SUPPLIED INFORMATION START

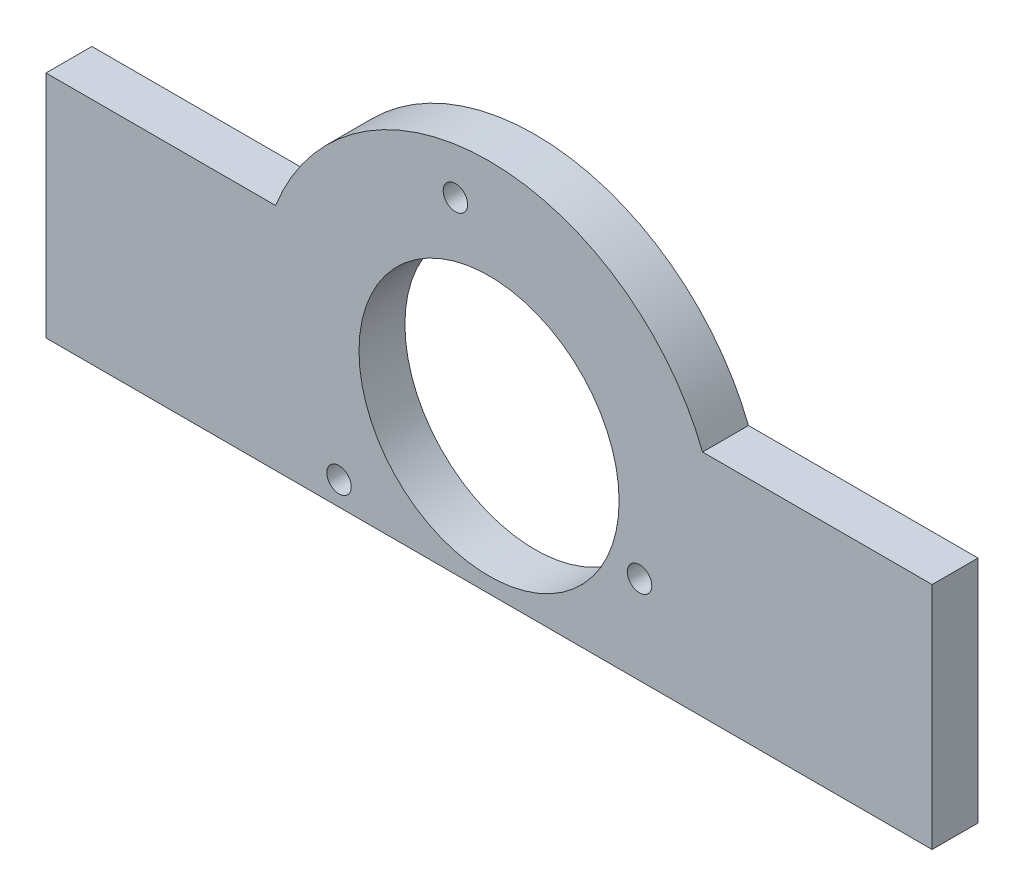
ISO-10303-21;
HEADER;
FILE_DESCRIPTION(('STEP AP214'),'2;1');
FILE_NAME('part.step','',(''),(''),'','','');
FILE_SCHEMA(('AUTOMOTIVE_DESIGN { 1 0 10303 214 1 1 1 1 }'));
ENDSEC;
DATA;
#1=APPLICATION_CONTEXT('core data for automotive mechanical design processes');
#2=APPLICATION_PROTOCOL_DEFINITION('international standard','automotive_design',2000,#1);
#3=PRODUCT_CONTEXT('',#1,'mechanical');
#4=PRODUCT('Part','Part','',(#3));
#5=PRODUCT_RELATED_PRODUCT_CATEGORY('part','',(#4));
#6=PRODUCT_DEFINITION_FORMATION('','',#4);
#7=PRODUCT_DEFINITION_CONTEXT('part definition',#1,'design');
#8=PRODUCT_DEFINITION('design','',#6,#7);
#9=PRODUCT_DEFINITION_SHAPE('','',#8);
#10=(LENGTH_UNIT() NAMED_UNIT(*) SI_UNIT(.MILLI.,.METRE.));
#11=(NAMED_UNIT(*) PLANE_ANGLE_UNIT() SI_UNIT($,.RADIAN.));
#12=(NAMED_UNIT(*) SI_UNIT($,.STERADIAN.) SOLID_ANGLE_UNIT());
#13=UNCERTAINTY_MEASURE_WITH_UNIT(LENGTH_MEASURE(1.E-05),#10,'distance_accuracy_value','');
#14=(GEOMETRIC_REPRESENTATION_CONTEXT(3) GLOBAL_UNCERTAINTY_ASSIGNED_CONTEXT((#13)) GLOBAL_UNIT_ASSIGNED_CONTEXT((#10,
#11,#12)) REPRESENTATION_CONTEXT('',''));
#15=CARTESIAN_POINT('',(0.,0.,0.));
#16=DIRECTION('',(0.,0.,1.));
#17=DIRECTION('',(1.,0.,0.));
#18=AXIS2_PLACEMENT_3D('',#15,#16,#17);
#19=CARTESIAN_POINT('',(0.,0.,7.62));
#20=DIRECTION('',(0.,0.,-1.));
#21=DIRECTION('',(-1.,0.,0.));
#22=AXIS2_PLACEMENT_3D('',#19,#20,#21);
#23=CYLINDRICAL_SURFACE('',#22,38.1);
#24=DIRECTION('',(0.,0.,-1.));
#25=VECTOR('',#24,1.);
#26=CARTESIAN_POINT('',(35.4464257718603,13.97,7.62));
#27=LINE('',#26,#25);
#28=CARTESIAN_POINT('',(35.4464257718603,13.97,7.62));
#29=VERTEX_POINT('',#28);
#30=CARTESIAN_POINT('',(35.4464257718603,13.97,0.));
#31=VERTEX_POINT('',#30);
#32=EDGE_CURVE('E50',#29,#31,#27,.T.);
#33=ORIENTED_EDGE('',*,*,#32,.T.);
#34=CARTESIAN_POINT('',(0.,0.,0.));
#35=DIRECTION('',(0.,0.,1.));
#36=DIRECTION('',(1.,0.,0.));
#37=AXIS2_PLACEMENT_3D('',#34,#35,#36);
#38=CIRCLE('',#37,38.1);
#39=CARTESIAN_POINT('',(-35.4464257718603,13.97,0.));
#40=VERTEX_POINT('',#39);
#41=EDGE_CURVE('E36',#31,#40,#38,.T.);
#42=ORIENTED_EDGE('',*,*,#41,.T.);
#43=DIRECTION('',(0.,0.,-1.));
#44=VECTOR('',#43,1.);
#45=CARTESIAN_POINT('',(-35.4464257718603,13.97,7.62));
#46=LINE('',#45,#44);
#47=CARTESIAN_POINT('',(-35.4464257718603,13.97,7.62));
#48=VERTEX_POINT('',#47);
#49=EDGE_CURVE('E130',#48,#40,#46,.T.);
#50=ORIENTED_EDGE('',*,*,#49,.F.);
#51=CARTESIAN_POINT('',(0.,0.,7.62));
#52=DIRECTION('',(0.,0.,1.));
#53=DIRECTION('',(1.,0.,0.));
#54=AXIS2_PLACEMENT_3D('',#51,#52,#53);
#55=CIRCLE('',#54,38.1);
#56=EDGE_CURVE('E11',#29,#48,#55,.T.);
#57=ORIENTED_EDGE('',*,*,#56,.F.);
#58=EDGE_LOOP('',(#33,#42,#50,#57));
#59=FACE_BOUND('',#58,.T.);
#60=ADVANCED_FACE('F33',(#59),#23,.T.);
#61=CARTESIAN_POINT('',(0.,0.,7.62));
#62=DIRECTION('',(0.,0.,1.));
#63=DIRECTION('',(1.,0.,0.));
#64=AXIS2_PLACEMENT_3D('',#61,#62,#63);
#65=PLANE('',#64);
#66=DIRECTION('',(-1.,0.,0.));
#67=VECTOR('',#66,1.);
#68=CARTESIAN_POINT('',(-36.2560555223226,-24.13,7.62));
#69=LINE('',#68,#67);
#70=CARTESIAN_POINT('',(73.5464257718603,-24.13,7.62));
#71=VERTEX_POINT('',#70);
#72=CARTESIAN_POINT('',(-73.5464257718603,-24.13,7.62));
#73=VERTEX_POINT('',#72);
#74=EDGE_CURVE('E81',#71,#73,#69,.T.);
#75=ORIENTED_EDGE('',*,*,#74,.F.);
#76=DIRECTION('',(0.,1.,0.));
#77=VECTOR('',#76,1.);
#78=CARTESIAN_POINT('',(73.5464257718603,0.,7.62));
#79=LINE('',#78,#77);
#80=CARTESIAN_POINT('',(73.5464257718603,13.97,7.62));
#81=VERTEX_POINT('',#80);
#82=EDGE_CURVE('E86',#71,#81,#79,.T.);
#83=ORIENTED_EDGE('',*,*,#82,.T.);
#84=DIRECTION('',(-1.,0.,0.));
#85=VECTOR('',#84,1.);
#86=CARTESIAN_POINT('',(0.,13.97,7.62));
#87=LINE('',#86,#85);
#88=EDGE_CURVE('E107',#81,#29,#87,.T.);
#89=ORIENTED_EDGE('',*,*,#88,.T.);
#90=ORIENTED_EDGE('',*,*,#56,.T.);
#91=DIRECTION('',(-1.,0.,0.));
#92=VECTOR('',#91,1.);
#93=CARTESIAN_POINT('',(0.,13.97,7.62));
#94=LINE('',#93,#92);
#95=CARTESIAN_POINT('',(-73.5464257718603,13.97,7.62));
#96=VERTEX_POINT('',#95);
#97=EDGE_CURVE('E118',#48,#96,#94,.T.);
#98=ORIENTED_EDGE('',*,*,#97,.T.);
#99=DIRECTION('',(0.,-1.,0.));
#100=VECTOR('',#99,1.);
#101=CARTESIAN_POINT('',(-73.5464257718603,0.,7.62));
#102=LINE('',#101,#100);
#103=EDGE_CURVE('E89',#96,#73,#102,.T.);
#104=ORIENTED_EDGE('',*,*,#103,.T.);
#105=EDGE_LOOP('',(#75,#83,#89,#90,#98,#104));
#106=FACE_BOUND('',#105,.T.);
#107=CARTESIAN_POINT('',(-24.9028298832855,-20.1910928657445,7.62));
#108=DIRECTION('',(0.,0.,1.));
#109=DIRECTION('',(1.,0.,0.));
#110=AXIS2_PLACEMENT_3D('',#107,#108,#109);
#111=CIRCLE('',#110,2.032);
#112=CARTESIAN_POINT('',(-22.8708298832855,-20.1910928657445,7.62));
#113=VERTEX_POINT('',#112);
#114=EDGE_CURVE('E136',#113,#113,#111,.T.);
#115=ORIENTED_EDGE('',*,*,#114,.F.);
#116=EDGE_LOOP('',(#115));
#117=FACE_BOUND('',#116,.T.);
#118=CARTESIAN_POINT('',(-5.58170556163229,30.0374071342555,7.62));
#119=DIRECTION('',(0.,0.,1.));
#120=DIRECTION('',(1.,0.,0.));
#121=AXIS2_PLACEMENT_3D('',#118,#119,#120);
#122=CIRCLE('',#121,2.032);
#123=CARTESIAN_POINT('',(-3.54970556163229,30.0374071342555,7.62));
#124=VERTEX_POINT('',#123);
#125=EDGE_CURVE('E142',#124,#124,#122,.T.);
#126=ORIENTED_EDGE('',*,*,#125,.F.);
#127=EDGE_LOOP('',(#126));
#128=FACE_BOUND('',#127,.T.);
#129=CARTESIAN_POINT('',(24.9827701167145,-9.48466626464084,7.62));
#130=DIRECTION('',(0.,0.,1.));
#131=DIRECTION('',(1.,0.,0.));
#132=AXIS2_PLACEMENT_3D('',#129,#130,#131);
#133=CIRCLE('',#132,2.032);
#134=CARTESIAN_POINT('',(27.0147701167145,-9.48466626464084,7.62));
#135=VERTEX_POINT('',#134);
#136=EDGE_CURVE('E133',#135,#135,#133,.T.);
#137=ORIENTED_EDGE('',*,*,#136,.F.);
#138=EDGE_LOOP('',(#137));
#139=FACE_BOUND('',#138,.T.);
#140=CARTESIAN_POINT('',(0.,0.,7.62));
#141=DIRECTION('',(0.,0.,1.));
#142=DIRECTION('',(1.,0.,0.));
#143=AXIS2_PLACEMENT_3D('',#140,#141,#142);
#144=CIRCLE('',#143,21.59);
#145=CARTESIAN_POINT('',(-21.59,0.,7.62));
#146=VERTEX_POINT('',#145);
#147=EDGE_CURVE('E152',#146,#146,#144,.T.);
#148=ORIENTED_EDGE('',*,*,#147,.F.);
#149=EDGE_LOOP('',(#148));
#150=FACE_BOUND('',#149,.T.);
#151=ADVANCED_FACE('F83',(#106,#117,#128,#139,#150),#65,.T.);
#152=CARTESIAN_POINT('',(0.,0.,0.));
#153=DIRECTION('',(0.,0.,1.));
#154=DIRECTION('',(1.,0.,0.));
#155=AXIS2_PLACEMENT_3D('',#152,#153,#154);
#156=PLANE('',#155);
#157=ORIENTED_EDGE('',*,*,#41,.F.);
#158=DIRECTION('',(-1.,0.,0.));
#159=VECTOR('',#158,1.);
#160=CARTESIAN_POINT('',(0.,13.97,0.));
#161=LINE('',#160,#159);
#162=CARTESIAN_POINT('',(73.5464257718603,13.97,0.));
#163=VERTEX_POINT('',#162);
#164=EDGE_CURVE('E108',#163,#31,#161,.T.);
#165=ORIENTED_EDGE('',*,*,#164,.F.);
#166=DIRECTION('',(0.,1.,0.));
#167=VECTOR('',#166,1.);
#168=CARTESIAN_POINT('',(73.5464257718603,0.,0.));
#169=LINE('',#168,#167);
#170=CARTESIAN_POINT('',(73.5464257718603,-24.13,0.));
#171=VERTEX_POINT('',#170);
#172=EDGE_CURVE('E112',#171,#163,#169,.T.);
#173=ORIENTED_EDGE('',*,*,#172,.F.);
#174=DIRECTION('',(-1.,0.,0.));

SUPPLIED INFORMATION END

## REQUIRED WORK
Everything from the first line of the records through the line containing "#35=DIRECTION('',(0.,0.,1.));" should be repeated exactly, with the pictures left out.

## EXERCISE ANSWER
ISO-10303-21;
HEADER;
FILE_DESCRIPTION(('STEP AP214'),'2;1');
FILE_NAME('part.step','',(''),(''),'','','');
FILE_SCHEMA(('AUTOMOTIVE_DESIGN { 1 0 10303 214 1 1 1 1 }'));
ENDSEC;
DATA;
#1=APPLICATION_CONTEXT('core data for automotive mechanical design processes');
#2=APPLICATION_PROTOCOL_DEFINITION('international standard','automotive_design',2000,#1);
#3=PRODUCT_CONTEXT('',#1,'mechanical');
#4=PRODUCT('Part','Part','',(#3));
#5=PRODUCT_RELATED_PRODUCT_CATEGORY('part','',(#4));
#6=PRODUCT_DEFINITION_FORMATION('','',#4);
#7=PRODUCT_DEFINITION_CONTEXT('part definition',#1,'design');
#8=PRODUCT_DEFINITION('design','',#6,#7);
#9=PRODUCT_DEFINITION_SHAPE('','',#8);
#10=(LENGTH_UNIT() NAMED_UNIT(*) SI_UNIT(.MILLI.,.METRE.));
#11=(NAMED_UNIT(*) PLANE_ANGLE_UNIT() SI_UNIT($,.RADIAN.));
#12=(NAMED_UNIT(*) SI_UNIT($,.STERADIAN.) SOLID_ANGLE_UNIT());
#13=UNCERTAINTY_MEASURE_WITH_UNIT(LENGTH_MEASURE(1.E-05),#10,'distance_accuracy_value','');
#14=(GEOMETRIC_REPRESENTATION_CONTEXT(3) GLOBAL_UNCERTAINTY_ASSIGNED_CONTEXT((#13)) GLOBAL_UNIT_ASSIGNED_CONTEXT((#10,
#11,#12)) REPRESENTATION_CONTEXT('',''));
#15=CARTESIAN_POINT('',(0.,0.,0.));
#16=DIRECTION('',(0.,0.,1.));
#17=DIRECTION('',(1.,0.,0.));
#18=AXIS2_PLACEMENT_3D('',#15,#16,#17);
#19=CARTESIAN_POINT('',(0.,0.,7.62));
#20=DIRECTION('',(0.,0.,-1.));
#21=DIRECTION('',(-1.,0.,0.));
#22=AXIS2_PLACEMENT_3D('',#19,#20,#21);
#23=CYLINDRICAL_SURFACE('',#22,38.1);
#24=DIRECTION('',(0.,0.,-1.));
#25=VECTOR('',#24,1.);
#26=CARTESIAN_POINT('',(35.4464257718603,13.97,7.62));
#27=LINE('',#26,#25);
#28=CARTESIAN_POINT('',(35.4464257718603,13.97,7.62));
#29=VERTEX_POINT('',#28);
#30=CARTESIAN_POINT('',(35.4464257718603,13.97,0.));
#31=VERTEX_POINT('',#30);
#32=EDGE_CURVE('E50',#29,#31,#27,.T.);
#33=ORIENTED_EDGE('',*,*,#32,.T.);
#34=CARTESIAN_POINT('',(0.,0.,0.));
#35=DIRECTION('',(0.,0.,1.));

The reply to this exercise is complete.